Basis Applicable percentage Recomputed qualified investment
$7,500 33 1/3 $2,500
$7,500 66 2/3 5,000
$7,500 100 7,500
15,000
For the taxable year 1962 shareholder A's recomputed credit earned is $1,050 (7 percent of $15,000). The income tax imposed by chapter 1 of the Code on shareholder A for the taxable year 1964 is increased by the $1,050 decrease in his credit earned for the taxable year 1962 (that is, $2,100 original credit earned minus $1,050 recomputed credit earned).
(iii) Under paragraph (a)(2) of this section, on December 3, 1965, the remaining 50 percent of the share of the basis of each of the three items of section 38 property ceases to be section 38 property with respect to shareholder A since immediately after the December 3, 1965, sale A's proportionate stock interest in X Corporation is reduced to zero. The actual useful life of the share of the bases of the section 38 properties which cease to be section 38 property with respect to A is three years and six months (that is, the period beginning with June 1, 1962, and ending with December 3, 1965). A's recomputed qualified investment with respect to such properties is zero. For the taxable year 1962 shareholder A's recomputed credit earned is zero. The income tax imposed by chapter 1 of the Code on shareholder A for the taxable year 1965 is increased by $1,050 (that is, $2,100 ($2,100 original credit earned minus zero recomputed credit earned) reduced by the $1,050 increase in tax for 1964).

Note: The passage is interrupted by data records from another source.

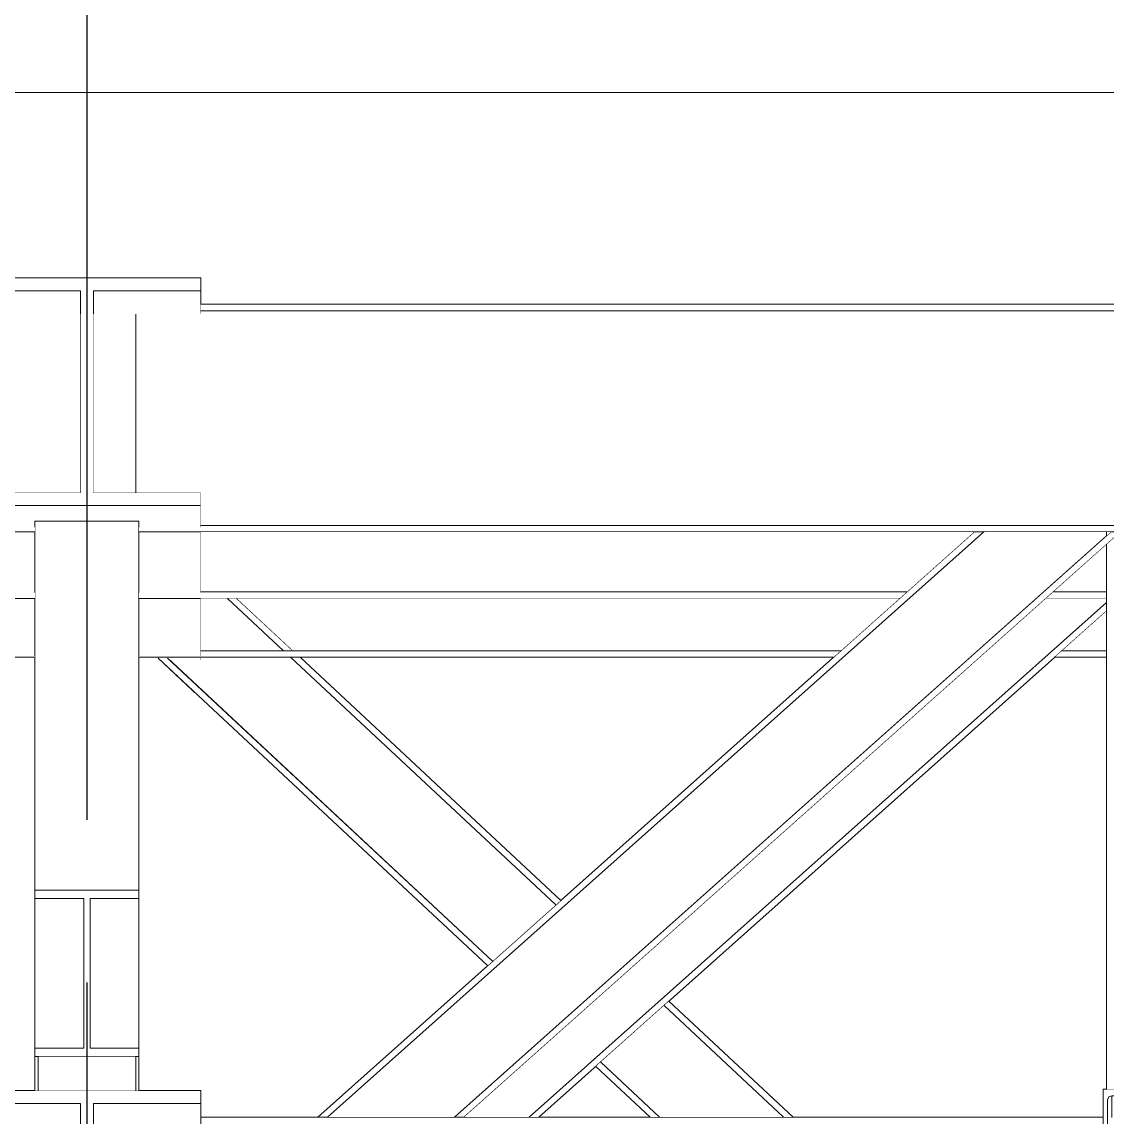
# Model space of a CAD drawing. Extents: x -3080 to 28500, y -1326 to 31609.
# Drawn here: x 18470 to 18636.8, y 28435.1 to 28603.5 of the extents above; entities that cross this region are included whole.
import ezdxf
from ezdxf.xclip import XClip

# ---------------------------------------------------------------- set-up
doc = ezdxf.new("R2010")
doc.units = 0
doc.header["$LTSCALE"] = 100
doc.header["$XCLIPFRAME"] = 2
doc.linetypes.add('188K-SM-07-F10-MECH-CR PIPE-Y2257103$0$X-S-FAB_SL ALL$0$COL-CEN-LIN', pattern=[3.25, 2.5, -0.25, 0.25, -0.25])
doc.linetypes.add('188K-SM-07-F10-MECH-CR PIPE-Y2257103$0$X-S-FAB_SL ALL$0$Wipeout_Contour', pattern=[1, 0, -1])
for name, color, linetype in [('0-xref', 8, 'Continuous'), ('188K-SM-07-F10-MECH-CR PIPE-Y2257103$0$X-S-FAB_SL ALL$0$A-ROOF', 7, 'Continuous'), ('188K-SM-07-F10-MECH-CR PIPE-Y2257103$0$X-S-FAB_SL ALL$0$ASP_1', 1, 'Continuous'), ('188K-SM-07-F10-MECH-CR PIPE-Y2257103$0$X-S-FAB_SL ALL$0$CCL', 15, '188K-SM-07-F10-MECH-CR PIPE-Y2257103$0$X-S-FAB_SL ALL$0$COL-CEN-LIN'), ('188K-SM-07-F10-MECH-CR PIPE-Y2257103$0$X-S-FAB_SL ALL$0$Hattch', 7, 'Continuous'), ('188K-SM-07-F10-MECH-CR PIPE-Y2257103$0$X-S-FAB_SL ALL$0$S-TRUSS', 7, 'Continuous')]:
    doc.layers.add(name, color=color, linetype=linetype)

# ---------------------------------------------------------------- blocks, each defined once
blk = doc.blocks.new('188K-SM-07-F10-MECH-CR PIPE-Y2257103$0$X-S-FAB_SL ALL$0$剖面元素_439_3', base_point=(23061.26, -8263.06))
at = {"color": 254, "linetype": '188K-SM-07-F10-MECH-CR PIPE-Y2257103$0$X-S-FAB_SL ALL$0$Wipeout_Contour', "lineweight": 0, "ltscale": 3803858.743980569}
blk.add_wipeout([(38233.76, -6001.22), (38233.76, -6029.83), (38595.06, -6029.83), (38595.06, -6029.64), (38607.46, -6029.64), (38607.46, -6029.83), (39003.81, -6029.83), (39003.81, -6029.71), (39038.81, -6029.71), (39038.81, -6029.83), (39435.06, -6029.83), (39435.06, -6029.64), (39447.46, -6029.64), (39447.46, -6029.83), (39843.76, -6029.83), (39843.76, -6029.71), (39878.76, -6029.71), (39878.76, -6029.83), (40275.06, -6029.83), (40275.06, -6029.64), (40287.46, -6029.64), (40287.46, -6029.83), (40683.76, -6029.83), (40683.76, -6029.71), (40718.76, -6029.71), (40718.76, -6029.83), (41115.06, -6029.83), (41115.06, -6029.64), (41127.46, -6029.64), (41127.46, -6029.83), (41523.76, -6029.83), (41523.76, -6029.71), (41558.76, -6029.71), (41558.76, -6029.83), (41955.06, -6029.83), (41955.06, -6029.64), (41967.46, -6029.64), (41967.46, -6029.83), (42363.76, -6029.83), (42363.76, -6029.71), (42398.76, -6029.71), (42398.76, -6029.83), (42795.06, -6029.83), (42795.06, -6029.64), (42807.46, -6029.64), (42807.46, -6029.83), (43203.76, -6029.83), (43203.76, -6029.71), (43238.76, -6029.71), (43238.76, -6029.83), (43635.06, -6029.83), (43635.06, -6029.64), (43647.46, -6029.64), (43647.46, -6029.83), (44043.76, -6029.83), (44043.76, -6029.71), (44078.76, -6029.71), (44078.76, -6029.83), (44475.06, -6029.83), (44475.06, -6029.64), (44487.46, -6029.64), (44487.46, -6029.83), (44883.76, -6029.83), (44883.76, -6029.71), (44918.76, -6029.71), (44918.76, -6029.83), (45315.06, -6029.83), (45315.06, -6029.64), (45327.46, -6029.64), (45327.46, -6029.83), (45723.76, -6029.83), (45723.76, -6029.71), (45758.76, -6029.71), (45758.76, -6029.83), (46155.06, -6029.83), (46155.06, -6029.64), (46167.46, -6029.64), (46167.46, -6029.83), (46563.76, -6029.83), (46563.76, -6029.71), (46598.76, -6029.71), (46598.76, -6029.83), (46995.06, -6029.83), (46995.06, -6029.64), (47007.46, -6029.64), (47007.46, -6029.83), (47376.26, -6029.83), (47376.26, -6001.22)], dxfattribs=at).dxf.layer = '188K-SM-07-F10-MECH-CR PIPE-Y2257103$0$X-S-FAB_SL ALL$0$Hattch'
at = {"layer": '188K-SM-07-F10-MECH-CR PIPE-Y2257103$0$X-S-FAB_SL ALL$0$A-ROOF', "color": 6, "lineweight": 0}
blk.add_line((47418.76, -6001.22), (38233.76, -6001.22), dxfattribs=at)
blk = doc.blocks.new('188K-SM-07-F10-MECH-CR PIPE-Y2257103$0$X-S-FAB_SL ALL$0$剖面元素_669_3', base_point=(23061.26, -8263.06))
at = {"layer": '188K-SM-07-F10-MECH-CR PIPE-Y2257103$0$X-S-FAB_SL ALL$0$S-TRUSS', "color": 3, "lineweight": 0}
for p, q in [((41558.76, -6029.71), (41523.76, -6029.71)), ((41540.26, -6062.73), (41523.76, -6062.73)), ((41558.76, -6062.73), (41542.26, -6062.73)), ((41558.76, -6154.69), (41523.76, -6154.69))]:
    blk.add_line(p, q, dxfattribs=at)
at = {"color": 254, "linetype": '188K-SM-07-F10-MECH-CR PIPE-Y2257103$0$X-S-FAB_SL ALL$0$Wipeout_Contour', "lineweight": 0, "ltscale": 167871.915702}
blk.add_wipeout([(41523.76, -6035.28), (41540.26, -6035.28), (41540.26, -6031.71), (41523.76, -6031.71)], dxfattribs=at).dxf.layer = '188K-SM-07-F10-MECH-CR PIPE-Y2257103$0$X-S-FAB_SL ALL$0$Hattch'
at = {"color": 254, "linetype": '188K-SM-07-F10-MECH-CR PIPE-Y2257103$0$X-S-FAB_SL ALL$0$Wipeout_Contour', "lineweight": 0, "ltscale": 167945.147333}
blk.add_wipeout([(41542.26, -6031.71), (41542.26, -6035.28), (41558.76, -6035.28), (41558.76, -6031.71)], dxfattribs=at).dxf.layer = '188K-SM-07-F10-MECH-CR PIPE-Y2257103$0$X-S-FAB_SL ALL$0$Hattch'
at = {"color": 254, "linetype": '188K-SM-07-F10-MECH-CR PIPE-Y2257103$0$X-S-FAB_SL ALL$0$Wipeout_Contour', "lineweight": 0, "ltscale": 167881.120993}
blk.add_wipeout([(41523.76, -6068.78), (41523.76, -6078.15), (41533.26, -6078.15), (41533.26, -6068.78)], dxfattribs=at).dxf.layer = '188K-SM-07-F10-MECH-CR PIPE-Y2257103$0$X-S-FAB_SL ALL$0$Hattch'
at = {"color": 254, "linetype": '188K-SM-07-F10-MECH-CR PIPE-Y2257103$0$X-S-FAB_SL ALL$0$Wipeout_Contour', "lineweight": 0, "ltscale": 167886.9085}
blk.add_wipeout([(41533.26, -6079.02), (41523.76, -6079.02), (41523.76, -6087.89), (41533.26, -6087.89)], dxfattribs=at).dxf.layer = '188K-SM-07-F10-MECH-CR PIPE-Y2257103$0$X-S-FAB_SL ALL$0$Hattch'
at = {"color": 254, "linetype": '188K-SM-07-F10-MECH-CR PIPE-Y2257103$0$X-S-FAB_SL ALL$0$Wipeout_Contour', "lineweight": 0, "ltscale": 167987.832039}
blk.add_wipeout([(41549.26, -6079.02), (41549.26, -6087.89), (41558.76, -6087.89), (41558.76, -6079.02)], dxfattribs=at).dxf.layer = '188K-SM-07-F10-MECH-CR PIPE-Y2257103$0$X-S-FAB_SL ALL$0$Hattch'
at = {"color": 254, "linetype": '188K-SM-07-F10-MECH-CR PIPE-Y2257103$0$X-S-FAB_SL ALL$0$Wipeout_Contour', "lineweight": 0, "ltscale": 167944.514866}
blk.add_wipeout([(41540.26, -6156.69), (41523.76, -6156.69), (41523.76, -6160.26), (41540.26, -6160.26)], dxfattribs=at).dxf.layer = '188K-SM-07-F10-MECH-CR PIPE-Y2257103$0$X-S-FAB_SL ALL$0$Hattch'
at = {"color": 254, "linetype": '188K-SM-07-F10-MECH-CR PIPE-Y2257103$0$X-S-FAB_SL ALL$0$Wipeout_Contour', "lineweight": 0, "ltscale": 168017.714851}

(iv) The actual useful life of asset No. 3 which was sold on January 2, 1966, is three years and seven months. The recomputed qualified investment with respect to B's share of the basis of asset No. 3 is zero ($15,000 share of basis multiplied by zero applicable percentage) and for the taxable year 1962, B's recomputed credit earned is $1,050 (7 percent of $15,000). The income tax imposed by chapter 1 of the Code on shareholder B for the taxable year 1966 is increased by the $1,050 decrease in his credit earned for the taxable year 1962 ($2,100 original credit earned minus $1,050 recomputed credit earned). The sale of asset No. 3 on January 2, 1966, by X Corporation has no effect on A.

(d) Termination or revocation of an election under section 1372. Section 38 property shall not be considered to be disposed of or to have ceased to be section 38 property solely by reason of a termination or revocation of a corporation's election under section 1372.